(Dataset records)
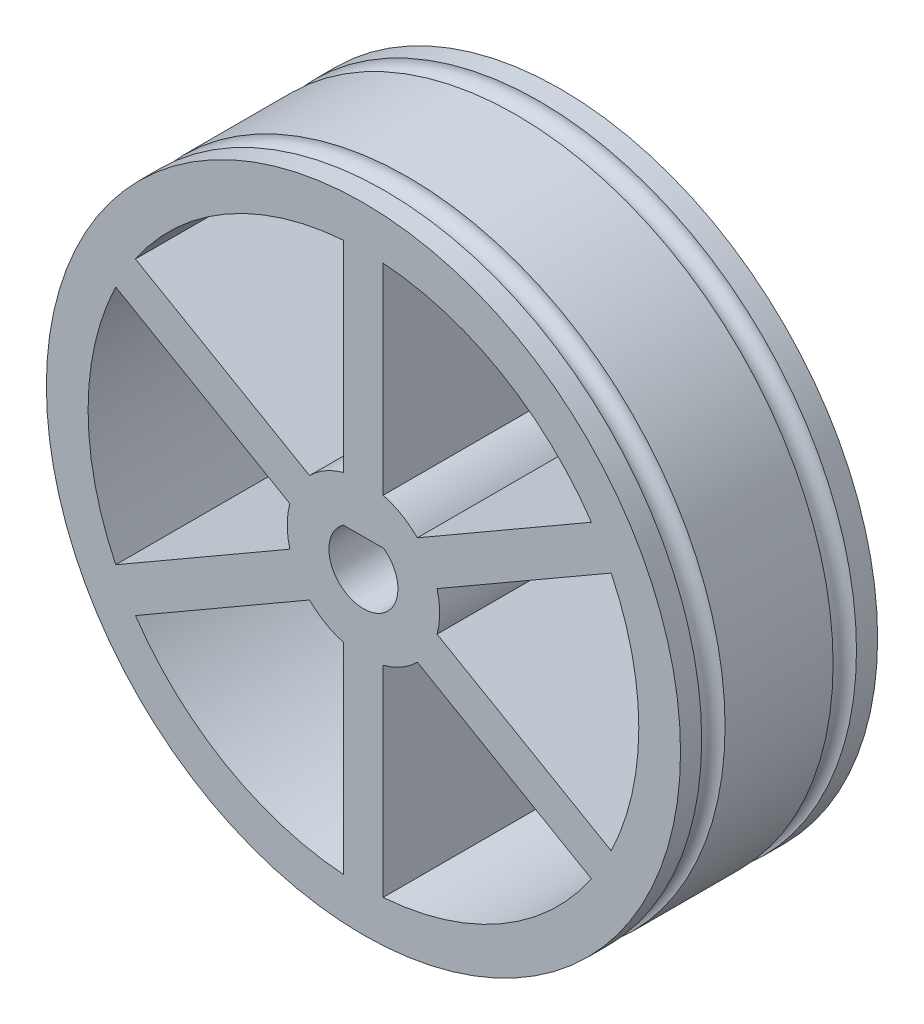
from build123d import *

# Parameters (mm, degrees)
SKETCH1_R             = 24.13
SKETCH1_R_2           = 20.955
BOSS_EXTRUDE1_DEPTH   = 15
SKETCH1_R_3           = 5.8
SKETCH1_R_4           = 2.625
BOSS_EXTRUDE1_2_DEPTH = 15
SKETCH3_W             = 3
SKETCH3_H             = 18.33
BOSS_EXTRUDE3_DEPTH   = 15
CIRPATTERN1_COUNT     = 6
SKETCH4_R             = 0.89
SKETCH5_W             = 5
SKETCH5_H             = 0.5
BOSS_EXTRUDE4_DEPTH   = 15


with BuildPart() as part:
    # Sketch1 → Boss-Extrude1 (new body)
    with BuildSketch(Plane.XY):
        Circle(SKETCH1_R)
        Circle(SKETCH1_R_2, mode=Mode.SUBTRACT)
    extrude(amount=BOSS_EXTRUDE1_DEPTH)



with BuildPart() as body_2:
    # Sketch1 → Boss-Extrude1 2 (new body)
    with BuildSketch(Plane.XY):
        Circle(SKETCH1_R_3)
        Circle(SKETCH1_R_4, mode=Mode.SUBTRACT)
    extrude(amount=BOSS_EXTRUDE1_2_DEPTH)


with BuildPart() as part_1:
    add(part.part)

    add(body_2.part)  # Boss-Extrude3 merges body 2
    # Sketch3 → Boss-Extrude3 (add)
    with BuildSketch(Plane(origin=(0, 0, 0), x_dir=(-1, 0, 0), z_dir=(0, 0, -1))):
        with Locations((0, 11.79)):
            Rectangle(SKETCH3_W, SKETCH3_H)
    boss_extrude3 = extrude(amount=-BOSS_EXTRUDE3_DEPTH)

    # CirPattern1: Boss-Extrude3 ×6 about axis
    cirpattern1_axis = Axis((0, 0, 0), (0, 0, 1))
    for i in range(1, CIRPATTERN1_COUNT):
        add(boss_extrude3.rotate(cirpattern1_axis, i * 360 / CIRPATTERN1_COUNT))

    # Sketch4 → Cut-Revolve1 (revolve, cut)
    with BuildSketch(Plane(origin=(0, 0, 0), x_dir=(0, 0, -1), z_dir=(1, 0, 0)), mode=Mode.PRIVATE) as cut_revolve1_sk:
        with Locations((-12.5, 24.13)):
            Circle(SKETCH4_R)
        with Locations((-2.5, 24.13)):
            Circle(SKETCH4_R)
    revolve(cut_revolve1_sk.sketch.rotate(Axis((0, 0, 0), (0, 0, 1)), 90), axis=Axis((0, 0, 0), (0, 0, 1)), mode=Mode.SUBTRACT)

    # Sketch5 → Boss-Extrude4 (add)
    with BuildSketch(Plane.XY.offset(15)):
        with Locations((0, 2.375)):
            Rectangle(SKETCH5_W, SKETCH5_H)
    extrude(amount=-BOSS_EXTRUDE4_DEPTH)


solid = part_1.part
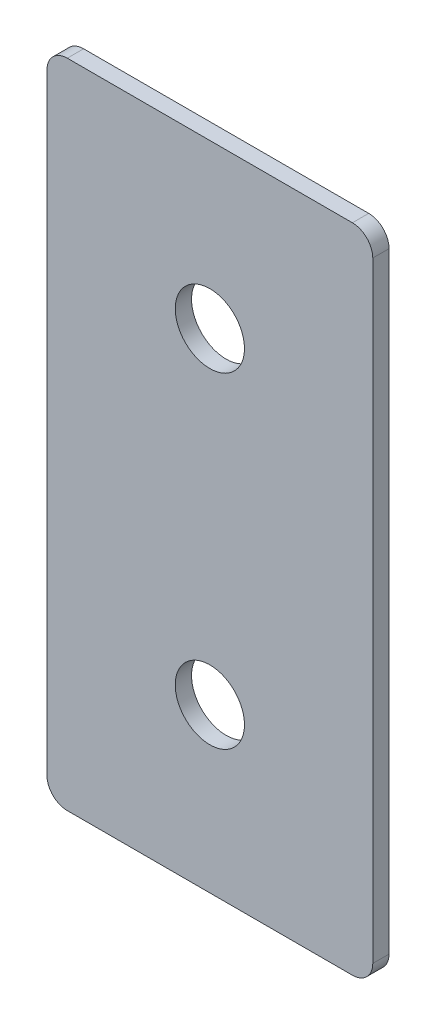
from build123d import *

# Parameters (mm, degrees)
SKETCH1_W           = 40
SKETCH1_H           = 80
BOSS_EXTRUDE1_DEPTH = 2
SKETCH2_R           = 4.25
CUT_EXTRUDE1_DEPTH  = 2
FILLET1_R           = 2.5


with BuildPart() as part:
    # Sketch1 → Boss-Extrude1 (new body)
    with BuildSketch(Plane.XY):
        Rectangle(SKETCH1_W, SKETCH1_H)
    extrude(amount=BOSS_EXTRUDE1_DEPTH)

    # Sketch2 → Cut-Extrude1 (cut)
    with BuildSketch(Plane.XY.offset(2)):
        with Locations((0, 20)):
            Circle(SKETCH2_R)
        with Locations((0, -20)):
            Circle(SKETCH2_R)
    extrude(amount=-CUT_EXTRUDE1_DEPTH, mode=Mode.SUBTRACT)

    # Fillet1
    fillet1_edges = [part.edges().sort_by_distance(p)[0] for p in [
        (-20, 40, 1),
        (20, 40, 1),
        (20, -40, 1),
        (-20, -40, 1),
    ]]
    fillet(fillet1_edges, radius=FILLET1_R)


solid = part.part
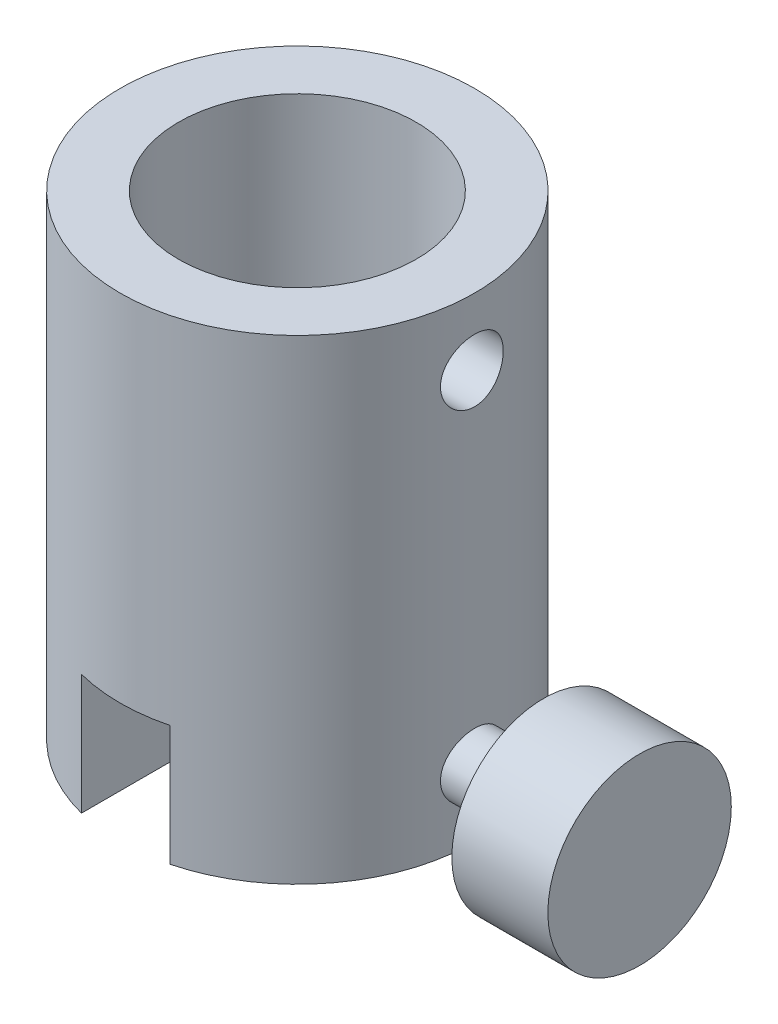
from build123d import *

# Parameters (mm, degrees)
SKETCH1_R               = 9.4742
BOSS_EXTRUDE1_DEPTH     = 25.4
SKETCH2_R               = 6.35
CUT_EXTRUDE1_DEPTH      = 15.9766
CUT_EXTRUDE2_DEPTH      = 29.717258422
CUT_EXTRUDE2_DEPTH_BACK = 29.717258422
CUT_EXTRUDE3_DEPTH      = 29.717258422
CUT_EXTRUDE3_DEPTH_BACK = 29.717258422
SKETCH4_R               = 1.6764
SKETCH5_R               = 1.6764
CUT_EXTRUDE4_DEPTH      = 29.717258577
SKETCH6_R               = 1.6764
BOSS_EXTRUDE2_DEPTH     = 3.683
SKETCH7_R               = 4.9022
BOSS_EXTRUDE3_DEPTH     = 5.1308
SKETCH8_R               = 1.6764
BOSS_EXTRUDE4_DEPTH     = 6.5278


with BuildPart() as part:
    # Sketch1 → Boss-Extrude1 (new body)
    with BuildSketch(Plane(origin=(0, 0, 0), x_dir=(1, 0, 0), z_dir=(0, 1, 0))):
        with Locations(Location((0, 0, 0), (0, 0, 270))):
            Circle(SKETCH1_R)
    extrude(amount=BOSS_EXTRUDE1_DEPTH)

    # Sketch2 → Cut-Extrude1 (cut)
    with BuildSketch(Plane(origin=(0, 25.4, 0), x_dir=(1, 0, 0), z_dir=(0, 1, 0))):
        with Locations(Location((0, 0, 0), (0, 0, 270))):
            Circle(SKETCH2_R)
    extrude(amount=-CUT_EXTRUDE1_DEPTH, mode=Mode.SUBTRACT)

    # Sketch3 → Cut-Extrude2 (cut, two sides: drawn at the far end of the back side and taken through both)
    with BuildSketch(Plane.XY.offset(-CUT_EXTRUDE2_DEPTH_BACK)):
        Polygon((0, 0), (2.3622, 0), (2.3622, 6.4262), (-2.3622, 6.4262), (-2.3622, 0), align=None)
    extrude(amount=CUT_EXTRUDE2_DEPTH + CUT_EXTRUDE2_DEPTH_BACK, mode=Mode.SUBTRACT)

    # Sketch4 → Cut-Extrude3 (cut, two sides: drawn at the far end of the back side and taken through both)
    with BuildSketch(Plane(origin=(0, 0, 0), x_dir=(0, 0, -1), z_dir=(1, 0, 0)).offset(-CUT_EXTRUDE3_DEPTH_BACK)):
        with Locations((0, 3.5814)):
            Circle(SKETCH4_R)
    extrude(amount=CUT_EXTRUDE3_DEPTH + CUT_EXTRUDE3_DEPTH_BACK, mode=Mode.SUBTRACT)

    # Sketch5 → Cut-Extrude4 (cut, through all)
    with BuildSketch(Plane(origin=(0, 0, 0), x_dir=(0, 0, -1), z_dir=(1, 0, 0))):
        with Locations(Location((0, 21.8186, 0), (0, 0, 180))):
            Circle(SKETCH5_R)
    extrude(amount=CUT_EXTRUDE4_DEPTH, mode=Mode.SUBTRACT)



with BuildPart() as body_2:
    # Sketch6 → Boss-Extrude2 (new body)
    with BuildSketch(Plane(origin=(9.4742, 0, 0), x_dir=(0, 0, -1), z_dir=(1, 0, 0))):
        with Locations((0, 3.5814)):
            Circle(SKETCH6_R)
    extrude(amount=BOSS_EXTRUDE2_DEPTH)

    # Sketch7 → Boss-Extrude3 (add)
    with BuildSketch(Plane(origin=(13.1572, 0, 0), x_dir=(0, 0, -1), z_dir=(1, 0, 0))):
        with Locations((0, 3.5814)):
            Circle(SKETCH7_R)
    extrude(amount=BOSS_EXTRUDE3_DEPTH)


with BuildPart() as part_1:
    add(part.part)

    add(body_2.part)  # Boss-Extrude4 merges body 2
    # Sketch8 → Boss-Extrude4 (add)
    with BuildSketch(Plane(origin=(9.4742, 0, 0), x_dir=(0, 0, -1), z_dir=(1, 0, 0))):
        with Locations((0, 3.5814)):
            Circle(SKETCH8_R)
    extrude(amount=-BOSS_EXTRUDE4_DEPTH)


solid = part_1.part
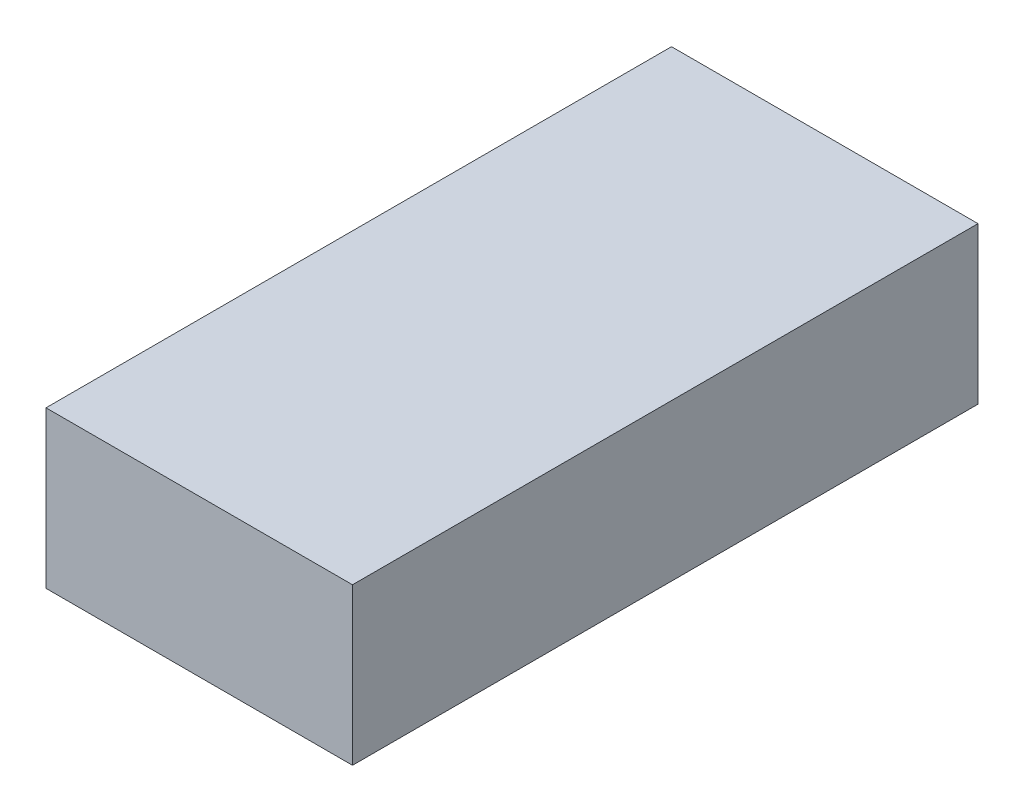
from build123d import *

# Parameters (mm, degrees)
SKETCH_1_W            = 98
SKETCH_1_H            = 50
EXTRUDE_305_DEPTH     = 100
HOLE_WIZARD_M41_D     = 3.3
HOLE_WIZARD_M41_DEPTH = 11.5
HOLE_WIZARD_M41_TIP   = 0.991420021


with BuildPart() as part:
    # Эскиз1 → Extrude 305 (new, symmetric)
    with BuildSketch(Plane.XY):
        Rectangle(SKETCH_1_W, SKETCH_1_H)
    extrude(amount=EXTRUDE_305_DEPTH, both=True)

    # Отверстие обработанное метчиком M41
    with Locations(Plane(origin=(0, -25, 0), x_dir=(-1, 0, 0), z_dir=(0, -1, 0))):
        with Locations((25, -75), (-25, -75), (-25, 75), (25, 75)):
            Hole(HOLE_WIZARD_M41_D / 2, depth=HOLE_WIZARD_M41_DEPTH)
            with Locations((0, 0, -(HOLE_WIZARD_M41_DEPTH + HOLE_WIZARD_M41_TIP / 2))):  # 118° drill point
                Cone(0, HOLE_WIZARD_M41_D / 2, HOLE_WIZARD_M41_TIP, mode=Mode.SUBTRACT)


solid = part.part

◆ TASK ITEM: Your task is to retype, exactly and only, the lines from the one with "Cone(0, HOLE_WIZARD_M41_D /" through the final line above.

◆ FINISHED EXERCISE:
                Cone(0, HOLE_WIZARD_M41_D / 2, HOLE_WIZARD_M41_TIP, mode=Mode.SUBTRACT)


solid = part.part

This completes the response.